----- SUPPLIED DATA

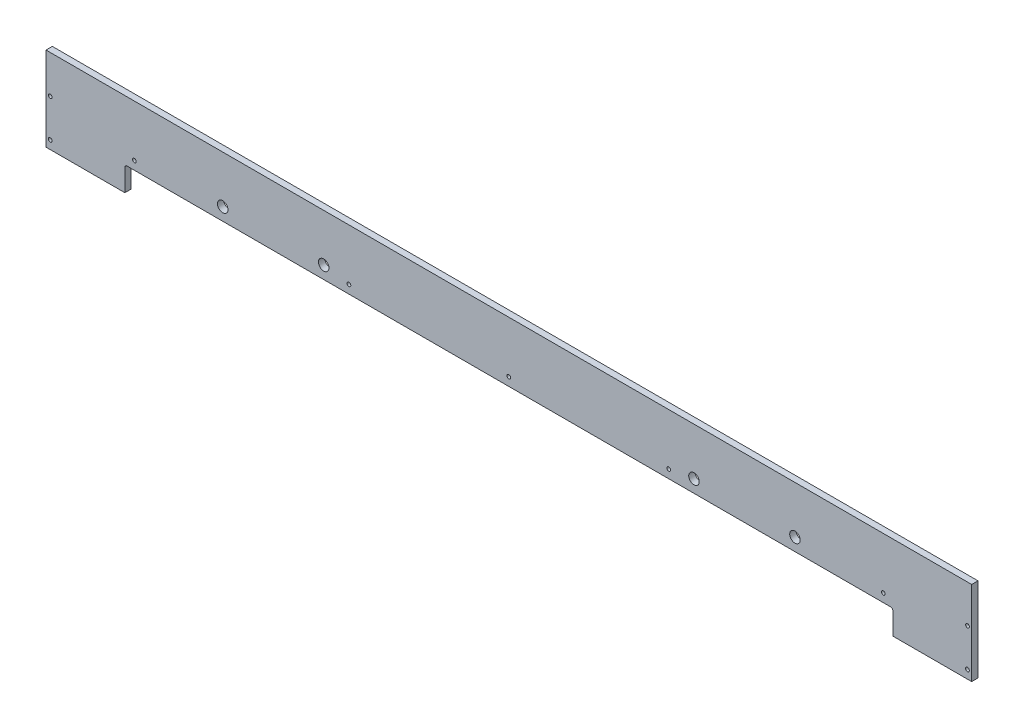
ISO-10303-21;
HEADER;
FILE_DESCRIPTION(('STEP AP214'),'2;1');
FILE_NAME('part.step','',(''),(''),'','','');
FILE_SCHEMA(('AUTOMOTIVE_DESIGN { 1 0 10303 214 1 1 1 1 }'));
ENDSEC;
DATA;
#1=APPLICATION_CONTEXT('core data for automotive mechanical design processes');
#2=APPLICATION_PROTOCOL_DEFINITION('international standard','automotive_design',2000,#1);
#3=PRODUCT_CONTEXT('',#1,'mechanical');
#4=PRODUCT('Part','Part','',(#3));
#5=PRODUCT_RELATED_PRODUCT_CATEGORY('part','',(#4));
#6=PRODUCT_DEFINITION_FORMATION('','',#4);
#7=PRODUCT_DEFINITION_CONTEXT('part definition',#1,'design');
#8=PRODUCT_DEFINITION('design','',#6,#7);
#9=PRODUCT_DEFINITION_SHAPE('','',#8);
#10=(LENGTH_UNIT() NAMED_UNIT(*) SI_UNIT(.MILLI.,.METRE.));
#11=(NAMED_UNIT(*) PLANE_ANGLE_UNIT() SI_UNIT($,.RADIAN.));
#12=(NAMED_UNIT(*) SI_UNIT($,.STERADIAN.) SOLID_ANGLE_UNIT());
#13=UNCERTAINTY_MEASURE_WITH_UNIT(LENGTH_MEASURE(1.E-05),#10,'distance_accuracy_value','');
#14=(GEOMETRIC_REPRESENTATION_CONTEXT(3) GLOBAL_UNCERTAINTY_ASSIGNED_CONTEXT((#13)) GLOBAL_UNIT_ASSIGNED_CONTEXT((#10,
#11,#12)) REPRESENTATION_CONTEXT('',''));
#15=CARTESIAN_POINT('',(0.,0.,0.));
#16=DIRECTION('',(0.,0.,1.));
#17=DIRECTION('',(1.,0.,0.));
#18=AXIS2_PLACEMENT_3D('',#15,#16,#17);
#19=CARTESIAN_POINT('',(-698.5,-63.5,-9.52500000000001));
#20=DIRECTION('',(0.,-1.,0.));
#21=DIRECTION('',(0.,0.,-1.));
#22=AXIS2_PLACEMENT_3D('',#19,#20,#21);
#23=PLANE('',#22);
#24=DIRECTION('',(0.,0.,1.));
#25=VECTOR('',#24,1.);
#26=CARTESIAN_POINT('',(-579.4375,-63.5000000000001,-9.52500000000001));
#27=LINE('',#26,#25);
#28=CARTESIAN_POINT('',(-579.4375,-63.5000000000001,-9.52500000000001));
#29=VERTEX_POINT('',#28);
#30=CARTESIAN_POINT('',(-579.4375,-63.5000000000001,0.));
#31=VERTEX_POINT('',#30);
#32=EDGE_CURVE('E122',#29,#31,#27,.T.);
#33=ORIENTED_EDGE('',*,*,#32,.T.);
#34=DIRECTION('',(1.,0.,0.));
#35=VECTOR('',#34,1.);
#36=CARTESIAN_POINT('',(-698.5,-63.5,0.));
#37=LINE('',#36,#35);
#38=CARTESIAN_POINT('',(-698.5,-63.5,0.));
#39=VERTEX_POINT('',#38);
#40=EDGE_CURVE('E161',#39,#31,#37,.T.);
#41=ORIENTED_EDGE('',*,*,#40,.F.);
#42=DIRECTION('',(0.,0.,1.));
#43=VECTOR('',#42,1.);
#44=CARTESIAN_POINT('',(-698.5,-63.5,-9.52500000000001));
#45=LINE('',#44,#43);
#46=CARTESIAN_POINT('',(-698.5,-63.5,-9.52500000000001));
#47=VERTEX_POINT('',#46);
#48=EDGE_CURVE('E43',#47,#39,#45,.T.);
#49=ORIENTED_EDGE('',*,*,#48,.F.);
#50=DIRECTION('',(1.,0.,0.));
#51=VECTOR('',#50,1.);
#52=CARTESIAN_POINT('',(-698.5,-63.5,-9.52500000000001));
#53=LINE('',#52,#51);
#54=EDGE_CURVE('E139',#47,#29,#53,.T.);
#55=ORIENTED_EDGE('',*,*,#54,.T.);
#56=EDGE_LOOP('',(#33,#41,#49,#55));
#57=FACE_BOUND('',#56,.T.);
#58=ADVANCED_FACE('F34',(#57),#23,.T.);
#59=CARTESIAN_POINT('',(698.5,63.5,-9.52500000000001));
#60=DIRECTION('',(1.,0.,0.));
#61=DIRECTION('',(0.,0.,-1.));
#62=AXIS2_PLACEMENT_3D('',#59,#60,#61);
#63=PLANE('',#62);
#64=DIRECTION('',(0.,1.,0.));
#65=VECTOR('',#64,1.);
#66=CARTESIAN_POINT('',(698.5,63.5,0.));
#67=LINE('',#66,#65);
#68=CARTESIAN_POINT('',(698.5,-63.5,0.));
#69=VERTEX_POINT('',#68);
#70=CARTESIAN_POINT('',(698.5,63.5,0.));
#71=VERTEX_POINT('',#70);
#72=EDGE_CURVE('E152',#69,#71,#67,.T.);
#73=ORIENTED_EDGE('',*,*,#72,.F.);
#74=DIRECTION('',(0.,0.,1.));
#75=VECTOR('',#74,1.);
#76=CARTESIAN_POINT('',(698.5,-63.5,-9.52500000000001));
#77=LINE('',#76,#75);
#78=CARTESIAN_POINT('',(698.5,-63.5,-9.52500000000001));
#79=VERTEX_POINT('',#78);
#80=EDGE_CURVE('E11',#79,#69,#77,.T.);
#81=ORIENTED_EDGE('',*,*,#80,.F.);
#82=DIRECTION('',(0.,1.,0.));
#83=VECTOR('',#82,1.);
#84=CARTESIAN_POINT('',(698.5,63.5,-9.52500000000001));
#85=LINE('',#84,#83);
#86=CARTESIAN_POINT('',(698.5,63.5,-9.52500000000001));
#87=VERTEX_POINT('',#86);
#88=EDGE_CURVE('E162',#79,#87,#85,.T.);
#89=ORIENTED_EDGE('',*,*,#88,.T.);
#90=DIRECTION('',(0.,0.,1.));
#91=VECTOR('',#90,1.);
#92=CARTESIAN_POINT('',(698.5,63.5,-9.52500000000001));
#93=LINE('',#92,#91);
#94=EDGE_CURVE('E38',#87,#71,#93,.T.);
#95=ORIENTED_EDGE('',*,*,#94,.T.);
#96=EDGE_LOOP('',(#73,#81,#89,#95));
#97=FACE_BOUND('',#96,.T.);
#98=ADVANCED_FACE('F36',(#97),#63,.T.);
#99=DIRECTION('',(0.,0.,1.));
#100=VECTOR('',#99,1.);
#101=CARTESIAN_POINT('',(579.4375,-63.5,-9.52500000000001));
#102=LINE('',#101,#100);
#103=CARTESIAN_POINT('',(579.4375,-63.5,-9.52500000000001));
#104=VERTEX_POINT('',#103);
#105=CARTESIAN_POINT('',(579.4375,-63.5,0.));
#106=VERTEX_POINT('',#105);
#107=EDGE_CURVE('E51',#104,#106,#102,.T.);
#108=ORIENTED_EDGE('',*,*,#107,.F.);
#109=EDGE_CURVE('E58',#104,#79,#53,.T.);
#110=ORIENTED_EDGE('',*,*,#109,.T.);
#111=ORIENTED_EDGE('',*,*,#80,.T.);
#112=EDGE_CURVE('E80',#106,#69,#37,.T.);
#113=ORIENTED_EDGE('',*,*,#112,.F.);
#114=EDGE_LOOP('',(#108,#110,#111,#113));
#115=FACE_BOUND('',#114,.T.);
#116=ADVANCED_FACE('F331',(#115),#23,.T.);
#117=CARTESIAN_POINT('',(-698.5,63.5,-9.52500000000001));
#118=DIRECTION('',(-1.,0.,0.));
#119=DIRECTION('',(0.,0.,1.));
#120=AXIS2_PLACEMENT_3D('',#117,#118,#119);
#121=PLANE('',#120);
#122=DIRECTION('',(0.,-1.,0.));
#123=VECTOR('',#122,1.);
#124=CARTESIAN_POINT('',(-698.5,63.5,0.));
#125=LINE('',#124,#123);
#126=CARTESIAN_POINT('',(-698.5,63.5,0.));
#127=VERTEX_POINT('',#126);
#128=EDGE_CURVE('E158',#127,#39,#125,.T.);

----------

» **WORK ITEM**: Pictures are to be dropped; the lines from the start of the entries above through the line with "#21=DIRECTION('',(0.,0.,-1.));" are to be given again verbatim.

» **RESULT**:
ISO-10303-21;
HEADER;
FILE_DESCRIPTION(('STEP AP214'),'2;1');
FILE_NAME('part.step','',(''),(''),'','','');
FILE_SCHEMA(('AUTOMOTIVE_DESIGN { 1 0 10303 214 1 1 1 1 }'));
ENDSEC;
DATA;
#1=APPLICATION_CONTEXT('core data for automotive mechanical design processes');
#2=APPLICATION_PROTOCOL_DEFINITION('international standard','automotive_design',2000,#1);
#3=PRODUCT_CONTEXT('',#1,'mechanical');
#4=PRODUCT('Part','Part','',(#3));
#5=PRODUCT_RELATED_PRODUCT_CATEGORY('part','',(#4));
#6=PRODUCT_DEFINITION_FORMATION('','',#4);
#7=PRODUCT_DEFINITION_CONTEXT('part definition',#1,'design');
#8=PRODUCT_DEFINITION('design','',#6,#7);
#9=PRODUCT_DEFINITION_SHAPE('','',#8);
#10=(LENGTH_UNIT() NAMED_UNIT(*) SI_UNIT(.MILLI.,.METRE.));
#11=(NAMED_UNIT(*) PLANE_ANGLE_UNIT() SI_UNIT($,.RADIAN.));
#12=(NAMED_UNIT(*) SI_UNIT($,.STERADIAN.) SOLID_ANGLE_UNIT());
#13=UNCERTAINTY_MEASURE_WITH_UNIT(LENGTH_MEASURE(1.E-05),#10,'distance_accuracy_value','');
#14=(GEOMETRIC_REPRESENTATION_CONTEXT(3) GLOBAL_UNCERTAINTY_ASSIGNED_CONTEXT((#13)) GLOBAL_UNIT_ASSIGNED_CONTEXT((#10,
#11,#12)) REPRESENTATION_CONTEXT('',''));
#15=CARTESIAN_POINT('',(0.,0.,0.));
#16=DIRECTION('',(0.,0.,1.));
#17=DIRECTION('',(1.,0.,0.));
#18=AXIS2_PLACEMENT_3D('',#15,#16,#17);
#19=CARTESIAN_POINT('',(-698.5,-63.5,-9.52500000000001));
#20=DIRECTION('',(0.,-1.,0.));
#21=DIRECTION('',(0.,0.,-1.));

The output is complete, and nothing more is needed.